Once patients met criteria for chronic pain, they remained in the chronic pain group regardless of their scores on future CCS surveys. Of the 960 patients who were analyzed, 58 (6.0%) met the criteria for chronic pain. Younger patients were more likely to meet chronic pain criteria (55 ± 16 vs 60 ± 14 years; P = 0.009).

Additionally, patients who went on to develop chronic pain had higher preoperative VAS pain scores compared to patients who did not develop chronic pain ( P < 0.001). Steroid use, obstructive hernia, or history of weight lifting, chronic cough, constipation, diabetes, benign prostatic hypertrophy, or chronic obstructive pulmonary disease were all similar between groups ( all P > 0.05).

Intraoperative characteristics

There were no intraoperative differences between patients who went on to develop chronic pain and those who did not. Mesh was used in all cases, and mesh size was not associated with the development of chronic pain.

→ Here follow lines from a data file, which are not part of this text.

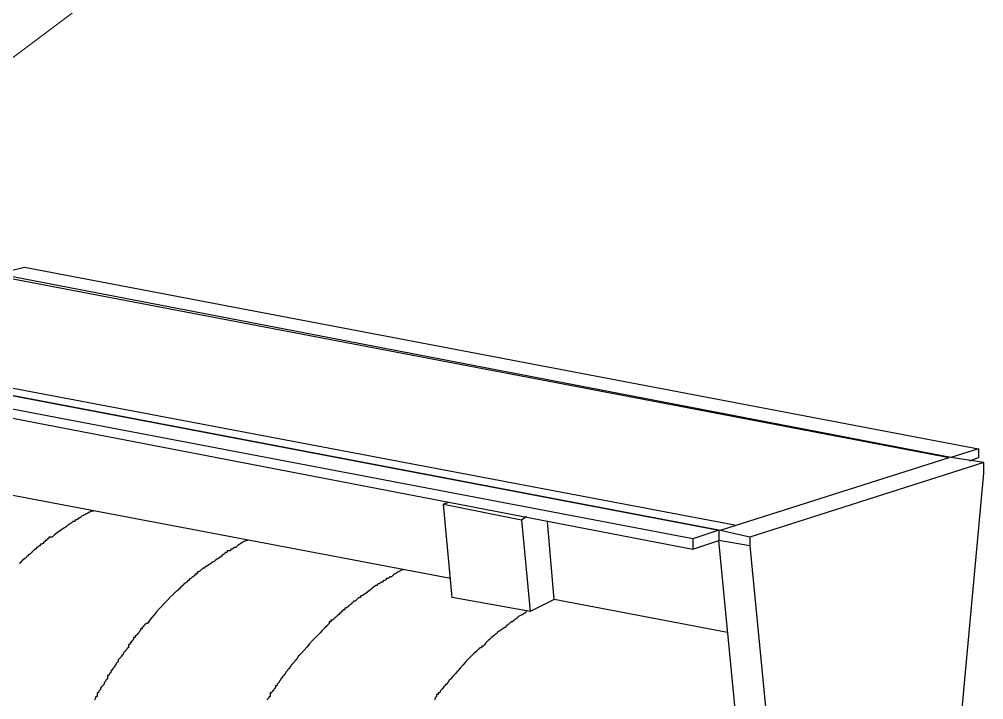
# Model space of a CAD drawing. Header units: metres. Extents: x 20 to 415, y 5 to 292.
# Drawn here: x 197.13 to 209.09, y 126.85 to 135.29 of the extents above; entities that cross this region are included whole.
import ezdxf

# ---------------------------------------------------------------- set-up
doc = ezdxf.new("R2010")
doc.units = ezdxf.units.M
doc.layers.add('ОБОРУДОВАНИЕ', color=8, linetype='Continuous')
doc.layers.add('ПОЗИЦИИ', color=1, linetype='Continuous')

msp = doc.modelspace()

# ---------------------------------------------------------------- linework, layer by layer
at = {"layer": 'ОБОРУДОВАНИЕ'}
for points in [[(196.831, 132.107), (208.657, 129.853)], [(196.852, 132.128), (197.196, 132.214)], [(208.679, 129.853), (196.852, 132.128)], [(197.196, 132.214), (209.022, 129.961)], [(193.976, 131.205), (205.802, 128.952)], [(193.976, 131.205), (205.802, 128.952)], [(193.998, 131.205), (205.824, 128.952)], [(205.48, 128.844), (193.654, 131.098)], [(193.654, 130.991), (205.48, 128.716)], [(196.723, 130.776), (205.996, 129.016)], [(209.022, 129.961), (208.679, 129.853)], [(209.022, 129.961), (209.022, 129.853)], [(202.476, 128.351), (194.105, 129.939)], [(205.824, 128.952), (208.657, 129.853)], [(209.086, 129.789), (208.679, 129.853)], [(208.915, 129.81), (209.022, 129.853)], [(209.086, 129.789), (206.189, 128.866)], [(209.086, 129.66), (209.086, 129.789)], [(208.507, 123.328), (209.086, 129.66)], [(202.454, 129.295), (202.39, 129.274)], [(202.497, 128.115), (202.39, 129.274)], [(202.39, 129.274), (203.356, 129.081)], [(198.054, 129.188), (198.048, 129.188), (198.044, 129.188), (198.04, 129.188), (198.037, 129.188), (198.035, 129.188), (198.034, 129.188), (198.033, 129.188), (198.033, 129.188), (198.033, 129.188), (198.033, 129.188), (198.02, 129.181), (198.007, 129.175), (197.994, 129.169), (197.981, 129.162), (197.968, 129.156), (197.955, 129.149), (197.943, 129.143), (197.93, 129.136), (197.917, 129.13), (197.904, 129.124), (197.898, 129.118), (197.893, 129.113), (197.889, 129.11), (197.886, 129.107), (197.882, 129.105), (197.879, 129.104), (197.876, 129.103), (197.872, 129.102), (197.867, 129.102), (197.861, 129.102), (197.861, 129.101), (197.861, 129.1), (197.86, 129.098), (197.86, 129.095), (197.858, 129.091), (197.856, 129.088), (197.854, 129.085), (197.85, 129.083), (197.845, 129.081), (197.84, 129.081), (197.839, 129.081), (197.837, 129.08), (197.835, 129.08), (197.832, 129.079), (197.829, 129.078), (197.826, 129.076), (197.823, 129.073), (197.82, 129.07), (197.819, 129.065), (197.818, 129.059), (197.817, 129.059), (197.816, 129.059), (197.814, 129.059), (197.811, 129.059), (197.807, 129.059), (197.804, 129.059), (197.801, 129.059), (197.799, 129.059), (197.797, 129.059), (197.797, 129.059), (197.791, 129.053), (197.786, 129.049), (197.783, 129.045), (197.78, 129.042), (197.778, 129.04), (197.777, 129.039), (197.776, 129.038), (197.775, 129.038), (197.775, 129.038), (197.775, 129.038), (197.769, 129.037), (197.765, 129.036), (197.761, 129.033), (197.757, 129.03), (197.754, 129.027), (197.75, 129.024), (197.747, 129.021), (197.743, 129.019), (197.738, 129.017), (197.711, 128.995), (197.691, 128.982), (197.672, 128.969), (197.653, 128.956), (197.635, 128.943), (197.617, 128.93), (197.6, 128.917), (197.583, 128.905), (197.567, 128.892), (197.553, 128.879), (197.539, 128.866), (197.533, 128.866), (197.529, 128.866), (197.524, 128.866), (197.521, 128.866), (197.518, 128.866), (197.514, 128.866), (197.511, 128.866), (197.507, 128.866), (197.502, 128.866), (197.496, 128.866), (197.496, 128.86), (197.496, 128.855), (197.495, 128.852), (197.495, 128.849), (197.494, 128.847), (197.492, 128.846), (197.489, 128.845), (197.485, 128.845), (197.48, 128.844), (197.475, 128.844), (197.475, 128.839), (197.474, 128.834), (197.474, 128.831), (197.473, 128.828), (197.472, 128.826), (197.47, 128.825), (197.467, 128.824), (197.464, 128.823), (197.459, 128.823), (197.453, 128.823), (197.453, 128.817), (197.451, 128.813), (197.448, 128.809), (197.446, 128.806), (197.442, 128.804), (197.439, 128.803), (197.436, 128.802), (197.434, 128.802), (197.432, 128.802), (197.432, 128.802), (197.431, 128.796), (197.43, 128.791), (197.427, 128.787), (197.424, 128.785), (197.421, 128.783), (197.418, 128.782), (197.415, 128.781), (197.413, 128.78), (197.411, 128.78), (197.41, 128.78), (197.404, 128.779), (197.4, 128.778), (197.396, 128.776), (197.394, 128.773), (197.392, 128.769), (197.39, 128.766), (197.389, 128.763), (197.389, 128.761), (197.389, 128.759), (197.389, 128.759), (197.383, 128.758), (197.378, 128.756), (197.374, 128.754), (197.371, 128.751), (197.367, 128.748), (197.364, 128.745), (197.361, 128.742), (197.357, 128.74), (197.352, 128.738), (197.346, 128.737), (197.346, 128.737), (197.346, 128.735), (197.345, 128.733), (197.345, 128.73), (197.343, 128.726), (197.341, 128.723), (197.339, 128.72), (197.335, 128.718), (197.33, 128.716), (197.324, 128.716), (197.324, 128.715), (197.322, 128.714), (197.32, 128.711), (197.317, 128.708), (197.314, 128.705), (197.31, 128.702), (197.308, 128.699), (197.305, 128.697), (197.304, 128.695), (197.303, 128.694), (197.302, 128.694), (197.301, 128.692), (197.298, 128.69), (197.295, 128.687), (197.292, 128.684), (197.289, 128.68), (197.286, 128.678), (197.284, 128.675), (197.282, 128.673), (197.281, 128.673), (197.281, 128.672), (197.279, 128.671), (197.277, 128.668), (197.274, 128.665), (197.271, 128.662), (197.268, 128.659), (197.265, 128.656), (197.262, 128.654), (197.261, 128.652), (197.26, 128.651), (197.254, 128.651), (197.249, 128.649), (197.246, 128.647), (197.243, 128.644), (197.241, 128.641), (197.24, 128.637), (197.239, 128.635), (197.239, 128.632), (197.239, 128.63), (197.239, 128.63), (197.233, 128.629), (197.228, 128.628), (197.224, 128.625), (197.222, 128.622), (197.22, 128.619), (197.218, 128.616), (197.218, 128.613), (197.217, 128.611), (197.217, 128.609), (197.217, 128.608), (197.211, 128.608), (197.207, 128.606), (197.202, 128.604), (197.199, 128.601), (197.196, 128.598), (197.192, 128.594), (197.189, 128.592), (197.185, 128.589), (197.18, 128.588), (197.174, 128.587), (197.174, 128.586), (197.174, 128.585), (197.174, 128.582), (197.173, 128.579), (197.172, 128.576), (197.17, 128.573), (197.167, 128.57), (197.163, 128.568), (197.158, 128.566), (197.153, 128.565), (197.153, 128.56), (197.152, 128.555), (197.152, 128.552), (197.151, 128.549), (197.15, 128.547), (197.148, 128.545), (197.145, 128.545), (197.142, 128.544), (197.137, 128.544), (197.131, 128.544)], [(203.356, 129.081), (203.42, 129.124)], [(203.356, 129.081), (203.463, 127.943)], [(203.763, 128.093), (203.678, 129.059)], [(205.802, 128.952), (205.48, 128.844)], [(206.189, 128.866), (205.802, 128.952)], [(205.802, 128.952), (205.802, 128.823)], [(199.964, 128.823), (199.943, 128.823), (199.93, 128.817), (199.917, 128.81), (199.904, 128.803), (199.891, 128.796), (199.879, 128.788), (199.866, 128.78), (199.853, 128.771), (199.84, 128.761), (199.827, 128.749), (199.814, 128.737), (199.814, 128.737), (199.812, 128.737), (199.809, 128.737), (199.807, 128.737), (199.803, 128.737), (199.8, 128.737), (199.797, 128.737), (199.795, 128.737), (199.793, 128.737), (199.793, 128.737), (199.792, 128.737), (199.791, 128.735), (199.788, 128.733), (199.785, 128.73), (199.782, 128.726), (199.779, 128.723), (199.776, 128.72), (199.774, 128.718), (199.772, 128.716), (199.771, 128.716), (199.765, 128.716), (199.761, 128.715), (199.757, 128.715), (199.754, 128.714), (199.753, 128.713), (199.751, 128.711), (199.75, 128.708), (199.75, 128.705), (199.75, 128.7), (199.75, 128.694), (199.744, 128.694), (199.739, 128.694), (199.735, 128.694), (199.732, 128.694), (199.728, 128.694), (199.725, 128.694), (199.722, 128.694), (199.718, 128.694), (199.713, 128.694), (199.707, 128.694), (199.707, 128.688), (199.707, 128.684), (199.706, 128.68), (199.706, 128.678), (199.704, 128.676), (199.702, 128.674), (199.7, 128.673), (199.696, 128.673), (199.691, 128.673), (199.685, 128.673), (199.685, 128.672), (199.683, 128.671), (199.681, 128.668), (199.678, 128.665), (199.675, 128.662), (199.671, 128.659), (199.669, 128.656), (199.666, 128.654), (199.665, 128.652), (199.664, 128.651), (199.658, 128.651), (199.653, 128.649), (199.65, 128.647), (199.647, 128.644), (199.645, 128.641), (199.644, 128.637), (199.643, 128.635), (199.643, 128.632), (199.642, 128.63), (199.642, 128.63), (199.623, 128.617), (199.604, 128.604), (199.584, 128.591), (199.565, 128.578), (199.546, 128.565), (199.527, 128.553), (199.507, 128.54), (199.488, 128.527), (199.469, 128.514), (199.449, 128.501), (199.449, 128.501), (199.447, 128.501), (199.445, 128.501), (199.442, 128.5), (199.439, 128.498), (199.435, 128.497), (199.433, 128.494), (199.43, 128.49), (199.428, 128.485), (199.428, 128.48), (199.427, 128.48), (199.426, 128.48), (199.423, 128.48), (199.42, 128.48), (199.417, 128.48), (199.414, 128.48), (199.411, 128.48), (199.409, 128.48), (199.407, 128.48), (199.406, 128.48), (199.401, 128.474), (199.396, 128.469), (199.392, 128.466), (199.39, 128.463), (199.388, 128.461), (199.386, 128.46), (199.386, 128.459), (199.385, 128.458), (199.385, 128.458), (199.385, 128.458), (199.379, 128.452), (199.374, 128.448), (199.37, 128.444), (199.367, 128.441), (199.363, 128.439), (199.36, 128.438), (199.357, 128.437), (199.353, 128.437), (199.348, 128.437), (199.342, 128.437), (199.342, 128.431), (199.342, 128.426), (199.341, 128.423), (199.341, 128.42), (199.339, 128.418), (199.337, 128.417), (199.335, 128.416), (199.331, 128.415), (199.326, 128.415), (199.32, 128.415), (199.32, 128.409), (199.32, 128.405), (199.32, 128.401), (199.319, 128.398), (199.318, 128.397), (199.316, 128.395), (199.313, 128.394), (199.31, 128.394), (199.305, 128.394), (199.299, 128.394), (199.298, 128.388), (199.297, 128.383), (199.295, 128.38), (199.292, 128.377), (199.288, 128.375), (199.285, 128.374), (199.282, 128.373), (199.28, 128.373), (199.278, 128.372), (199.278, 128.372), (199.277, 128.372), (199.275, 128.37), (199.273, 128.368), (199.27, 128.365), (199.267, 128.362), (199.264, 128.359), (199.261, 128.356), (199.258, 128.353), (199.257, 128.351), (199.256, 128.351), (199.25, 128.35), (199.246, 128.349), (199.242, 128.346), (199.239, 128.343), (199.237, 128.34), (199.236, 128.337), (199.235, 128.334), (199.235, 128.332), (199.235, 128.33), (199.235, 128.329), (199.229, 128.329), (199.224, 128.327), (199.22, 128.325), (199.218, 128.322), (199.216, 128.319), (199.215, 128.315), (199.214, 128.313), (199.213, 128.31), (199.213, 128.309), (199.213, 128.308), (199.207, 128.307), (199.202, 128.306), (199.199, 128.303), (199.195, 128.3), (199.192, 128.297), (199.189, 128.294), (199.185, 128.291), (199.181, 128.289), (199.176, 128.287), (199.17, 128.286), (199.17, 128.286), (199.17, 128.284), (199.17, 128.282), (199.169, 128.279), (199.168, 128.276), (199.166, 128.272), (199.163, 128.27), (199.159, 128.267), (199.155, 128.266), (199.149, 128.265), (199.148, 128.259), (199.147, 128.255), (199.144, 128.251), (199.141, 128.248), (199.138, 128.246), (199.135, 128.245), (199.132, 128.244), (199.13, 128.244), (199.128, 128.244), (199.127, 128.244), (199.127, 128.238), (199.125, 128.233), (199.123, 128.23), (199.12, 128.227), (199.117, 128.225), (199.113, 128.224), (199.111, 128.223), (199.108, 128.222), (199.106, 128.222), (199.106, 128.222), (199.105, 128.216), (199.104, 128.212), (199.101, 128.208), (199.098, 128.205), (199.095, 128.203), (199.092, 128.202), (199.089, 128.201), (199.087, 128.201), (199.085, 128.201), (199.084, 128.201), (199.079, 128.195), (199.074, 128.19), (199.07, 128.186), (199.068, 128.184), (199.066, 128.182), (199.064, 128.181), (199.064, 128.18), (199.063, 128.179), (199.063, 128.179), (199.063, 128.179), (199.057, 128.173), (199.052, 128.169), (199.049, 128.165), (199.046, 128.162), (199.044, 128.16), (199.043, 128.159), (199.042, 128.158), (199.042, 128.158), (199.041, 128.158), (199.041, 128.158), (199.003, 128.12), (198.967, 128.083), (198.931, 128.046), (198.897, 128.011), (198.864, 127.975), (198.833, 127.94), (198.803, 127.904), (198.774, 127.868), (198.746, 127.831), (198.72, 127.793), (198.714, 127.793), (198.709, 127.793), (198.705, 127.792), (198.701, 127.791), (198.698, 127.79), (198.695, 127.788), (198.691, 127.785), (198.687, 127.782), (198.682, 127.777), (198.677, 127.771), (198.677, 127.771), (198.676, 127.769), (198.676, 127.767), (198.675, 127.764), (198.674, 127.761), (198.672, 127.757), (198.669, 127.755), (198.666, 127.752), (198.661, 127.75), (198.655, 127.75), (198.655, 127.744), (198.655, 127.739), (198.654, 127.736), (198.654, 127.733), (198.653, 127.731), (198.651, 127.73), (198.648, 127.729), (198.644, 127.729), (198.639, 127.728), (198.634, 127.728), (198.634, 127.723), (198.633, 127.718), (198.633, 127.714), (198.632, 127.71), (198.631, 127.707), (198.629, 127.704), (198.626, 127.7), (198.623, 127.696), (198.618, 127.691), (198.612, 127.685), (198.612, 127.685), (198.612, 127.683), (198.612, 127.681), (198.611, 127.678), (198.61, 127.675), (198.608, 127.672), (198.605, 127.669), (198.601, 127.666), (198.597, 127.665), (198.591, 127.664), (198.591, 127.663), (198.591, 127.662), (198.59, 127.659), (198.589, 127.656), (198.588, 127.653), (198.586, 127.65), (198.583, 127.647), (198.58, 127.645), (198.575, 127.643), (198.569, 127.643), (198.569, 127.637), (198.569, 127.632), (198.569, 127.629), (198.568, 127.626), (198.567, 127.624), (198.565, 127.623), (198.562, 127.622), (198.558, 127.621), (198.554, 127.621), (198.548, 127.621), (198.548, 127.615), (198.548, 127.611), (198.547, 127.606), (198.547, 127.603), (198.545, 127.6), (198.543, 127.596), (198.541, 127.593), (198.537, 127.589), (198.532, 127.584), (198.526, 127.578), (198.526, 127.578), (198.526, 127.576), (198.526, 127.574), (198.525, 127.571), (198.524, 127.567), (198.522, 127.564), (198.519, 127.561), (198.515, 127.559), (198.511, 127.557), (198.505, 127.557), (198.505, 127.551), (198.505, 127.546), (198.504, 127.543), (198.504, 127.54), (198.502, 127.538), (198.5, 127.537), (198.498, 127.536), (198.494, 127.535), (198.489, 127.535), (198.483, 127.535), (198.483, 127.529), (198.483, 127.525), (198.483, 127.521), (198.483, 127.517), (198.483, 127.514), (198.483, 127.511), (198.483, 127.507), (198.483, 127.503), (198.483, 127.498), (198.483, 127.492), (198.478, 127.492), (198.473, 127.49), (198.469, 127.488), (198.467, 127.485), (198.465, 127.482), (198.463, 127.478), (198.463, 127.476), (198.462, 127.473), (198.462, 127.471), (198.462, 127.471), (198.456, 127.465), (198.451, 127.46), (198.448, 127.457), (198.445, 127.454), (198.443, 127.452), (198.442, 127.451), (198.441, 127.45), (198.441, 127.45), (198.44, 127.449), (198.44, 127.449), (198.435, 127.444), (198.43, 127.439), (198.427, 127.435), (198.424, 127.431), (198.422, 127.428), (198.421, 127.425), (198.42, 127.421), (198.419, 127.417), (198.419, 127.412), (198.419, 127.406), (198.413, 127.406), (198.409, 127.404), (198.405, 127.402), (198.402, 127.399), (198.4, 127.396), (198.399, 127.393), (198.398, 127.39), (198.398, 127.387), (198.398, 127.386), (198.398, 127.385), (198.392, 127.379), (198.387, 127.374), (198.383, 127.371), (198.381, 127.368), (198.379, 127.366), (198.377, 127.365), (198.377, 127.364), (198.376, 127.364), (198.376, 127.364), (198.376, 127.364), (198.37, 127.358), (198.366, 127.353), (198.362, 127.349), (198.359, 127.345), (198.357, 127.342), (198.356, 127.339), (198.355, 127.335), (198.355, 127.331), (198.355, 127.326), (198.355, 127.321), (198.354, 127.32), (198.352, 127.318), (198.35, 127.316), (198.347, 127.313), (198.344, 127.31), (198.341, 127.307), (198.338, 127.304), (198.336, 127.301), (198.334, 127.3), (198.333, 127.299), (198.333, 127.293), (198.331, 127.289), (198.329, 127.285), (198.326, 127.281), (198.322, 127.278), (198.319, 127.274), (198.316, 127.271), (198.314, 127.267), (198.312, 127.262), (198.312, 127.256), (198.311, 127.256), (198.31, 127.254), (198.307, 127.252), (198.304, 127.249), (198.301, 127.245), (198.298, 127.242), (198.295, 127.239), (198.292, 127.237), (198.291, 127.235), (198.29, 127.235), (198.29, 127.234), (198.29, 127.233), (198.29, 127.23), (198.289, 127.227), (198.288, 127.224), (198.286, 127.221), (198.283, 127.218), (198.279, 127.216), (198.275, 127.214), (198.269, 127.213), (198.269, 127.207), (198.269, 127.203), (198.268, 127.199), (198.268, 127.195), (198.266, 127.192), (198.264, 127.189), (198.261, 127.185), (198.258, 127.181), (198.253, 127.176), (198.247, 127.17), (198.247, 127.17), (198.247, 127.168), (198.247, 127.166), (198.246, 127.163), (198.245, 127.16), (198.243, 127.156), (198.24, 127.154), (198.236, 127.151), (198.232, 127.15), (198.226, 127.149), (198.226, 127.143), (198.226, 127.138), (198.226, 127.134), (198.226, 127.131), (198.226, 127.127), (198.226, 127.124), (198.226, 127.121), (198.226, 127.117), (198.226, 127.112), (198.226, 127.106), (198.22, 127.105), (198.215, 127.104), (198.212, 127.101), (198.209, 127.098), (198.207, 127.095), (198.206, 127.092), (198.205, 127.089), (198.205, 127.087), (198.204, 127.085), (198.204, 127.084), (198.199, 127.079), (198.194, 127.074), (198.19, 127.07), (198.188, 127.066), (198.186, 127.063), (198.184, 127.06), (198.184, 127.056), (198.183, 127.052), (198.183, 127.047), (198.183, 127.042), (198.182, 127.041), (198.181, 127.039), (198.178, 127.037), (198.175, 127.034), (198.172, 127.031), (198.169, 127.028), (198.166, 127.025), (198.164, 127.022), (198.162, 127.021), (198.161, 127.02), (198.161, 127.019), (198.159, 127.018), (198.157, 127.016), (198.154, 127.013), (198.151, 127.009), (198.148, 127.006), (198.145, 127.003), (198.142, 127.001), (198.141, 126.999), (198.14, 126.999), (198.14, 126.993), (198.14, 126.988), (198.139, 126.984), (198.139, 126.98), (198.137, 126.977), (198.136, 126.974), (198.133, 126.971), (198.129, 126.966), (198.124, 126.962), (198.119, 126.956), (198.119, 126.955), (198.118, 126.954), (198.118, 126.951), (198.117, 126.948), (198.116, 126.945), (198.114, 126.942), (198.111, 126.939), (198.108, 126.937), (198.103, 126.935), (198.097, 126.934), (198.097, 126.928), (198.097, 126.924), (198.097, 126.92), (198.097, 126.916), (198.097, 126.913), (198.097, 126.91), (198.097, 126.906), (198.097, 126.902), (198.097, 126.897), (198.097, 126.891), (198.091, 126.891), (198.087, 126.889), (198.083, 126.887), (198.08, 126.884), (198.078, 126.881), (198.077, 126.877), (198.076, 126.875), (198.076, 126.872), (198.076, 126.871), (198.076, 126.87), (198.075, 126.864), (198.073, 126.859), (198.071, 126.855), (198.068, 126.852), (198.065, 126.848)], [(205.48, 128.844), (205.48, 128.716)], [(205.48, 128.716), (205.802, 128.823)], [(206.382, 122.856), (205.802, 128.823)], [(206.189, 128.759), (205.802, 128.823)], [(206.189, 128.866), (206.189, 128.759)], [(206.189, 128.759), (206.768, 122.77)], [(201.896, 128.458), (201.89, 128.458), (201.886, 128.458), (201.882, 128.458), (201.879, 128.458), (201.877, 128.458), (201.876, 128.458), (201.875, 128.458), (201.875, 128.458), (201.875, 128.458), (201.875, 128.458), (201.862, 128.452), (201.849, 128.445), (201.836, 128.438), (201.823, 128.431), (201.81, 128.423), (201.797, 128.415), (201.784, 128.406), (201.772, 128.396), (201.759, 128.385), (201.746, 128.372), (201.74, 128.372), (201.735, 128.372), (201.732, 128.372), (201.729, 128.372), (201.727, 128.372), (201.726, 128.372), (201.725, 128.372), (201.725, 128.372), (201.724, 128.372), (201.724, 128.372), (201.719, 128.366), (201.714, 128.362), (201.71, 128.358), (201.706, 128.356), (201.703, 128.354), (201.7, 128.352), (201.696, 128.351), (201.692, 128.351), (201.687, 128.351), (201.681, 128.351), (201.681, 128.35), (201.681, 128.349), (201.681, 128.346), (201.68, 128.343), (201.679, 128.34), (201.677, 128.337), (201.674, 128.334), (201.671, 128.332), (201.666, 128.33), (201.66, 128.329), (201.659, 128.329), (201.658, 128.329), (201.655, 128.329), (201.652, 128.328), (201.649, 128.327), (201.646, 128.325), (201.643, 128.322), (201.641, 128.318), (201.639, 128.314), (201.639, 128.308), (201.633, 128.308), (201.628, 128.308), (201.625, 128.308), (201.622, 128.308), (201.62, 128.308), (201.619, 128.308), (201.618, 128.308), (201.617, 128.308), (201.617, 128.308), (201.617, 128.308), (201.611, 128.302), (201.607, 128.297), (201.602, 128.294), (201.599, 128.291), (201.596, 128.289), (201.592, 128.288), (201.589, 128.287), (201.585, 128.287), (201.58, 128.286), (201.574, 128.286), (201.574, 128.286), (201.574, 128.284), (201.574, 128.282), (201.573, 128.279), (201.572, 128.276), (201.569, 128.272), (201.567, 128.27), (201.563, 128.267), (201.558, 128.266), (201.553, 128.265), (201.534, 128.252), (201.516, 128.239), (201.499, 128.226), (201.483, 128.213), (201.467, 128.201), (201.451, 128.188), (201.434, 128.175), (201.417, 128.162), (201.4, 128.149), (201.381, 128.136), (201.375, 128.136), (201.37, 128.136), (201.367, 128.136), (201.364, 128.135), (201.362, 128.134), (201.361, 128.132), (201.36, 128.129), (201.36, 128.125), (201.36, 128.121), (201.36, 128.115), (201.354, 128.115), (201.349, 128.115), (201.345, 128.114), (201.341, 128.113), (201.338, 128.112), (201.335, 128.11), (201.331, 128.107), (201.327, 128.104), (201.322, 128.099), (201.295, 128.072), (201.294, 128.072), (201.293, 128.072), (201.291, 128.072), (201.288, 128.072), (201.284, 128.072), (201.281, 128.072), (201.278, 128.072), (201.276, 128.072), (201.274, 128.072), (201.274, 128.072), (201.273, 128.066), (201.272, 128.061), (201.269, 128.058), (201.266, 128.055), (201.263, 128.053), (201.26, 128.052), (201.257, 128.051), (201.255, 128.051), (201.253, 128.05), (201.252, 128.05), (201.252, 128.045), (201.25, 128.04), (201.248, 128.036), (201.245, 128.034), (201.241, 128.032), (201.238, 128.03), (201.235, 128.03), (201.233, 128.029), (201.231, 128.029), (201.231, 128.029), (201.225, 128.023), (201.22, 128.018), (201.217, 128.015), (201.214, 128.012), (201.212, 128.01), (201.211, 128.009), (201.21, 128.008), (201.209, 128.008), (201.209, 128.007), (201.209, 128.007), (201.203, 128.002), (201.199, 127.997), (201.195, 127.993), (201.191, 127.991), (201.188, 127.989), (201.185, 127.987), (201.181, 127.987), (201.177, 127.986), (201.172, 127.986), (201.166, 127.986), (201.166, 127.98), (201.166, 127.975), (201.166, 127.972), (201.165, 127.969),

The operative approach ( P = 0.498) and duration of surgery ( P = 0.962 for unilateral hernias, and P = 0.874) were both similar between the groups.

The most common mesh size was 10 x 15 cm, and it was used in 79.3% of cases in the group with chronic pain, and in 77.2% in those who did not experience chronic pain ( P = 0.746 ). No patient experienced an intraoperative complication. Conversion from PET to TAPP, dissector balloon use, stud use, and estimated blood loss were all similar between groups ( all P > 0.05).

Postoperative results

The median length of hospital stay between groups was similar (7; interquartile range [IQR]: 6–8 vs 7; IQR: 6–8); P = 0.253). Patients who developed chronic pain used narcotic pain medication for a longer period postoperatively (2 vs. 1 day; P < 0.001), and returned to their activities of daily living later (7 vs. 3 days; P < 0.001), compared with those who did not develop chronic pain.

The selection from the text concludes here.